1. Create a rule file under /etc/udev/rules.d with a file name such as 10-local.rules that udev will read before any other rules file.

   For example, the following rule in 10-local.rules creates the symbolic link /dev/my_disk, which points to /dev/sdb:

   KERNEL=="sdb", ACTION=="add", SYMLINK="my_disk"

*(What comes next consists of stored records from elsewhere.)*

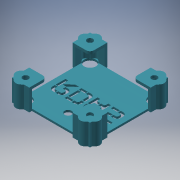
# Autodesk Inventor part: BaseBoardsMiddle_Top
Saved by Autodesk Inventor 2016 (Build 200138000, 138)
## iProperties
Created: 2015-03-29
Part Number: BaseBoardsMiddle_Top
Material: PC/ABS Plastic
Document SubType Name: Modeling
Designer: Erin
Density: 0.357273 g/cm^3
Appearance: Cadet Blue
Mass: 3.14413 g
Surface Area: 66.4965 cm^2
Volume: 5.71659 cm^3
Author: Erin
Autodesk Inventor part; units mm, degrees
ref_plane "YZ Plane" through (0, 0, 0) normal (1, 0, 0) x (0, 1, 0)
ref_plane "XZ Plane" through (0, 0, 0) normal (0, 1, 0) x (-1, 0, 0)
ref_plane "XY Plane" through (0, 0, 0) normal (0, 0, 1) x (1, 0, 0)
sketch "Sketch1" plane through (0, 0, 0) normal (0, 0, 1) x (1, 0, 0)
  line L0 (-48, 48) -> (48, 48)
  line L1 (48, 48) -> (48, -48)
  line L2 (48, -48) -> (-48, -48)
  line L3 (-48, -48) -> (-48, 48)
  line L4 (38, 38) -> (-38, 38)
  line L5 (-38, 38) -> (-38, -38)
  line L6 (-38, -38) -> (38, -38)
  line L7 (38, -38) -> (38, 38)
  line L8 (0, 152.7233) -> (0, -72.1628) construction
  line L9 (-77.8847, 0) -> (88.8171, 0) construction
  line L10 (-48, 43) -> (48, 43) construction
  line L11 (-43, 48) -> (-43, -48) construction
  line L12 (-48, -43) -> (48, -43) construction
  circle A0 centre (-43, 25) radius 2.25
  circle A1 centre (-43, -25) radius 2.25
  circle A2 centre (-43, -43) radius 2.25
  circle A3 centre (-43, 43) radius 2.25
  line L13 (-48, 30) -> (48, 30) construction
  line L14 (-48, -30) -> (48, -30) construction
  line L15 (-50, 31) -> (-36, 31)
  line L16 (-36, 31) -> (-36, -31)
  line L17 (-36, -31) -> (-50, -31)
  line L18 (-50, -31) -> (-50, 31)
  point P0 (0, 0)
  point P1 (0, 48)
  point P2 (48, 0)
  dimension "d0" = 96
  dimension "d1" = 96
  dimension "d2" = 10
  dimension "d5" = 5
  dimension "d11" = 5
  dimension "d14" = 5
  dimension "d31" = 4.5
  dimension "d32" = 4.5
  dimension "d61" = 4.5
  dimension "d62" = 4.5
  dimension "d65" = 30
  dimension "d66" = 30
  dimension "d67" = 5
  dimension "d68" = 5
  dimension "d74" = 1
  dimension "d75" = 1
  dimension "d76" = 2
  dimension "d77" = 2
  constraints: 38 end point, 16 point on line, 9 perpendicular, 7 parallel, 4 centre point, 3 horizontal, 2 midpoint, 1 horizontal alignment, 1 vertical, 1 vertical alignment, 3 other
  measures "d0" distance of L1.end L2.end
  measures "d1" distance of L0.end L1.end
  measures "d2" distance between parallel lines of L4 L0
  measures "d5" distance between parallel lines of L10 L0
  measures "d11" distance between parallel lines of L11 L3
  measures "d14" distance between parallel lines of L12 L2
  measures "d31" diameter of A0
  measures "d32" diameter of A1
  measures "d61" diameter of A2
  measures "d62" diameter of A3
  measures "d65" distance between parallel lines of L13 L9
  measures "d66" distance between parallel lines of L14 L9
  measures "d67" distance from line of A1.centre L14
  measures "d68" distance from line of A0.centre L13
  measures "d74" distance between parallel lines of L13 L15
  measures "d75" distance between parallel lines of L17 L14
  measures "d76" distance between parallel lines of L3 L18
  measures "d77" distance between parallel lines of L16 L5
sketch "Sketch3" plane through (0, 0, 0) normal (0, 0, 1) x (1, 0, 0)
  circle A0 centre (-43, 43) radius 2.25 projected
  circle A1 centre (-43, -43) radius 2.25 projected
  line L0 (48, -48) -> (-48, -48) projected
  line L1 (-48, -48) -> (-48, 48) projected
  line L2 (-38, -38) -> (38, -38) projected
  line L3 (-38, 38) -> (-38, -38) projected
  line L4 (38, 38) -> (-38, 38) projected
  line L5 (-48, 48) -> (48, 48) projected
  line L6 (0, 62.8599) -> (0, -69.2948) construction
  line L7 (-75.2692, 0) -> (82.2152, 0) construction
  line L8 (-28, 28) -> (28, 28)
  line L9 (28, 28) -> (28, -28)
  line L10 (28, -28) -> (-28, -28)
  line L11 (-28, -28) -> (-28, 28)
  line L12 (38, -38) -> (38, 38) projected
  line L13 (48, 48) -> (48, -48) projected
  line L14 (-31.0678, -24.7038) -> (24.7038, 31.0678)
  line L15 (24.7038, 31.0678) -> (31.0678, 24.7038)
  line L16 (31.0678, 24.7038) -> (-24.7038, -31.0678)
  line L17 (-24.7038, -31.0678) -> (-31.0678, -24.7038)
  line L18 (-37.8254, -37.8254) -> (27.8858, 27.8858) construction
  line L19 (-3.182, 3.182) -> (3.182, -3.182) construction
  line L20 (-48, -48) -> (-29.3, -48)
  line L21 (-29.3, -48) -> (-29.3, -29.3)
  line L22 (-29.3, -29.3) -> (-48, -29.3)
  line L23 (-48, -29.3) -> (-48, -48)
  line L24 (-35.664, -29.3) -> (-25.0574, -18.6934)
  line L25 (-25.0574, -18.6934) -> (-18.6934, -25.0574)
  line L26 (-18.6934, -25.0574) -> (-29.3, -35.664)
  line L27 (-29.3, -35.664) -> (-35.664, -29.3)
  line L28 (-32.482, -32.482) -> (-21.8754, -21.8754) construction
  line L29 (-30.3607, -23.9967) -> (-23.9967, -30.3607) construction
  circle A2 centre (-24.7038, -24.7038) radius 2.25
  line L30 (-21, 21) -> (21, 21)
  line L31 (21, 21) -> (21, -21)
  line L32 (21, -21) -> (-21, -21)
  line L33 (-21, -21) -> (-21, 21)
  point P0 (0, 0)
  point P1 (0, 0)
  point P2 (0, 21)
  point P3 (0, 28)
  point P4 (21, 0)
  point P5 (28, 0)
  dimension "d80" = 9
  dimension "d81" = 18.7
  dimension "d83" = 10
  dimension "d84" = 10
  dimension "d85" = 10
  dimension "d86" = 10
  dimension "d98" = 15
  dimension "d99" = 9
  dimension "d100" = 4.5
  dimension "d101" = 4
  dimension "d102" = 1
  dimension "d108" = 18.7
  dimension "d113" = 42
  dimension "d114" = 42
  constraints: 52 end point, 12 midpoint, 10 parallel, 5 horizontal, 5 perpendicular, 5 point on line, 2 vertical, 1 centre point, 1 coincident, 1 horizontal alignment, 1 vertical alignment
  measures "d80" distance of L14.end L15.end
  measures "d81" distance of L21.end L22.end
  measures "d83" distance between parallel lines of L3 L11
  measures "d84" distance between parallel lines of L4 L8
  measures "d85" distance between parallel lines of L12 L9
  measures "d86" distance between parallel lines of L2 L10
  measures "d98" distance of L25.end L26.end
  measures "d99" distance of L24.end L25.end
  measures "d100" diameter of A2
  measures "d101" distance from line of A2.centre L25
  measures "d102" distance between parallel lines of L29 L17
  measures "d108" distance of L20.end L21.end
  measures "d113" distance of L30.start L30.end
  measures "d114" distance of L30.end L31.end
extrude "Extrusion7" add sketch "Sketch3" along normal blind 1.5 contours L16 L32 L31 L9 L10 | L10 L17 L11 L14 L25 L16 | L10 L11 L17 | L25 L14 L33 L32 L16 | L11 L8 L14 L30 L33 | L16 L31 L30 L14 L8 L15 L9 | L32 L33 L14 L30 L31 L16 | L16 L31 L32 | L15 L8 L9 | L33 L30 L14 | A2
extrude "Extrusion9" add sketch "Sketch3" along normal blind 1.5 contours L17 L10 L16 | L10 L17 L11 L14 L25 L16 | L14 L11 L17 | L25 L14 L33 L32 L16 | L16 L31 L30 L14 L8 L15 L9 | L9 L15 L16 | L32 L33 L14 L30 L31 L16 | L14 L15 L8 | A2
mirror "Mirror6" about plane through (0, 0, 0) normal (1, 0, 0) of "Extrusion9"
extrude "Extrusion10" cut sketch "Sketch3" along normal blind 10 contours A2
pattern_circular "Circular Pattern3" count 4 over 360 about axis through (0, 0, -10) along (0, 0, 1) of "Extrusion10"
fillet "Fillet2" radius 2 2 edges at (-24.7038, -31.0678, 0.75) (-31.0678, -24.7038, 0.75)
pattern_circular "Circular Pattern4" count 4 over 360 about axis through (0, 0, -10) along (0, 0, 1) of "Fillet2"
sketch "Sketch4" plane through (0, 0, 1.5) normal (0, 0, 1) x (1, 0, 0)
  arc A0 (-23.2896, 29.6536) -> (-26.118, 29.6536) centre (-24.7038, 28.2393) ccw projected
  line L0 (-27.7716, 28) -> (-26.118, 29.6536) projected
  line L1 (-27.7716, 28) -> (-28, 28) projected
  line L2 (-28, 28) -> (-28, 27.7716) projected
  line L3 (-29.6536, 26.118) -> (-28, 27.7716) projected
  arc A1 (-29.6536, 26.118) -> (-29.6536, 23.2896) centre (-28.2393, 24.7038) ccw projected
  line L4 (-28, 21.636) -> (-29.6536, 23.2896) projected
  line L5 (-28, 21.636) -> (-28, -21.636) projected
  line L6 (-28, -21.636) -> (-29.6536, -23.2896) projected
  arc A2 (-29.6536, -23.2896) -> (-29.6536, -26.118) centre (-28.2393, -24.7038) ccw projected
  line L7 (-29.6536, -26.118) -> (-28, -27.7716) projected
  line L8 (-28, -27.7716) -> (-28, -28) projected
  line L9 (-28, -28) -> (-27.7716, -28) projected
  line L10 (-27.7716, -28) -> (-26.118, -29.6536) projected
  arc A3 (-26.118, -29.6536) -> (-23.2896, -29.6536) centre (-24.7038, -28.2393) ccw projected
  line L11 (-23.2896, -29.6536) -> (-21.636, -28) projected
  line L12 (-21.636, -28) -> (21.636, -28) projected
  line L13 (23.2896, -29.6536) -> (21.636, -28) projected
  arc A4 (23.2896, -29.6536) -> (26.118, -29.6536) centre (24.7038, -28.2393) ccw projected
  line L14 (27.7716, -28) -> (26.118, -29.6536) projected
  line L15 (27.7716, -28) -> (28, -28) projected
  line L16 (28, -28) -> (28, -27.7716) projected
  line L17 (29.6536, -26.118) -> (28, -27.7716) projected
  arc A5 (29.6536, -26.118) -> (29.6536, -23.2896) centre (28.2393, -24.7038) ccw projected
  line L18 (28, -21.636) -> (29.6536, -23.2896) projected
  line L19 (28, -21.636) -> (28, 21.636) projected
  line L20 (28, 21.636) -> (29.6536, 23.2896) projected
  arc A6 (29.6536, 23.2896) -> (29.6536, 26.118) centre (28.2393, 24.7038) ccw projected
  line L21 (29.6536, 26.118) -> (28, 27.7716) projected
  line L22 (28, 27.7716) -> (28, 28) projected
  line L23 (28, 28) -> (27.7716, 28) projected
  line L24 (27.7716, 28) -> (26.118, 29.6536) projected
  arc A7 (26.118, 29.6536) -> (23.2896, 29.6536) centre (24.7038, 28.2393) ccw projected
  line L25 (23.2896, 29.6536) -> (21.636, 28) projected
  line L26 (21.636, 28) -> (-21.636, 28) projected
  line L27 (-23.2896, 29.6536) -> (-21.636, 28) projected
  circle A8 centre (-24.7038, 24.7038) radius 2.25 projected
  circle A9 centre (24.7038, 24.7038) radius 2.25 projected
  circle A10 centre (24.7038, -24.7038) radius 2.25 projected
  circle A11 centre (-24.7038, -24.7038) radius 2.25 projected
  line L28 (-20.8076, 30) -> (-16.636, 30)
  line L29 (20.8076, 30) -> (21.8754, 31.0678)
  arc A12 (27.5322, 31.0678) -> (21.8754, 31.0678) centre (24.7038, 28.2393) ccw
  line L30 (27.5322, 31.0678) -> (28.6, 30)
  line L31 (28.6, 30) -> (30, 30)
  line L32 (30, 30) -> (30, 28.6)
  line L33 (30, 28.6) -> (31.0678, 27.5322)
  arc A13 (31.0678, 21.8754) -> (31.0678, 27.5322) centre (28.2393, 24.7038) ccw
  line L34 (31.0678, 21.8754) -> (30, 20.8076)
  line L35 (30, 20.8076) -> (30, -20.8076)
  line L36 (30, -20.8076) -> (31.0678, -21.8754)
  arc A14 (31.0678, -27.5322) -> (31.0678, -21.8754) centre (28.2393, -24.7038) ccw
  line L37 (31.0678, -27.5322) -> (30, -28.6)
  line L38 (30, -28.6) -> (30, -30)
  line L39 (30, -30) -> (28.6, -30)
  line L40 (28.6, -30) -> (27.5322, -31.0678)
  arc A15 (21.8754, -31.0678) -> (27.5322, -31.0678) centre (24.7038, -28.2393) ccw
  line L41 (21.8754, -31.0678) -> (20.8076, -30)
  line L42 (20.8076, -30) -> (-20.8076, -30)
  line L43 (-20.8076, -30) -> (-21.8754, -31.0678)
  arc A16 (-27.5322, -31.0678) -> (-21.8754, -31.0678) centre (-24.7038, -28.2393) ccw
  line L44 (-27.5322, -31.0678) -> (-28.6, -30)
  line L45 (-28.6, -30) -> (-30, -30)
  line L46 (-30, -30) -> (-30, -28.6)
  line L47 (-30, -28.6) -> (-31.0678, -27.5322)
  arc A17 (-31.0678, -21.8754) -> (-31.0678, -27.5322) centre (-28.2393, -24.7038) ccw
  line L48 (-31.0678, -21.8754) -> (-30, -20.8076)
  line L49 (-30, 16.636) -> (-30, 20.8076)
  line L50 (-30, 20.8076) -> (-31.0678, 21.8754)
  arc A18 (-31.0678, 27.5322) -> (-31.0678, 21.8754) centre (-28.2393, 24.7038) ccw
  line L51 (-31.0678, 27.5322) -> (-30, 28.6)
  line L52 (-30, 28.6) -> (-30, 30)
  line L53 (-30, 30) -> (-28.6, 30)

   Listing the device files in /dev shows that udev has not yet applied the rule:

   sudo ls /dev/sd* /dev/my_disk

   ls: cannot access /dev/my_disk: No such file or directory
   /dev/sda  /dev/sda1  /dev/sda2  /dev/sdb

2. To simulate how udev applies its rules to create a device, you can use the udevadm test command with the device path of sdb listed under the /sys/class/block hierarchy, for example:

   sudo udevadm test /sys/class/block/sdb

   calling: test
   version ...
   This program is for debugging only, it does not run any program
   specified by a RUN key. It may show incorrect results, because
   some values may be different, or not available at a simulation run.
   ...
   LINK 'my_disk' /etc/udev/rules.d/10-local.rules:1
   ...
   creating link '/dev/my_disk' to '/dev/sdb'
   creating symlink '/dev/my_disk' to 'sdb
   ...
   ACTION=add
   DEVLINKS=/dev/disk/by-id/ata-VBOX_HARDDISK_VB186e4ce2-f80f170d 
     /dev/disk/by-uuid/a7dc508d-5bcc-4112-b96e-f40b19e369fe 
     /dev/my_disk
   ...

3. Restart the systemd-udevd service:

   sudo systemctl restart systemd-udevd

   After udev processes the rules files, the symbolic link /dev/my_disk has been added:

   sudo ls -F /dev/sd* /dev/my_disk

   /dev/my_disk@  /dev/sda  /dev/sda1  /dev/sda2  /dev/sdb

To undo the changes, remove /etc/udev/rules.d/10-local.rules and /dev/my_disk and run systemctl restart systemd-udevd again.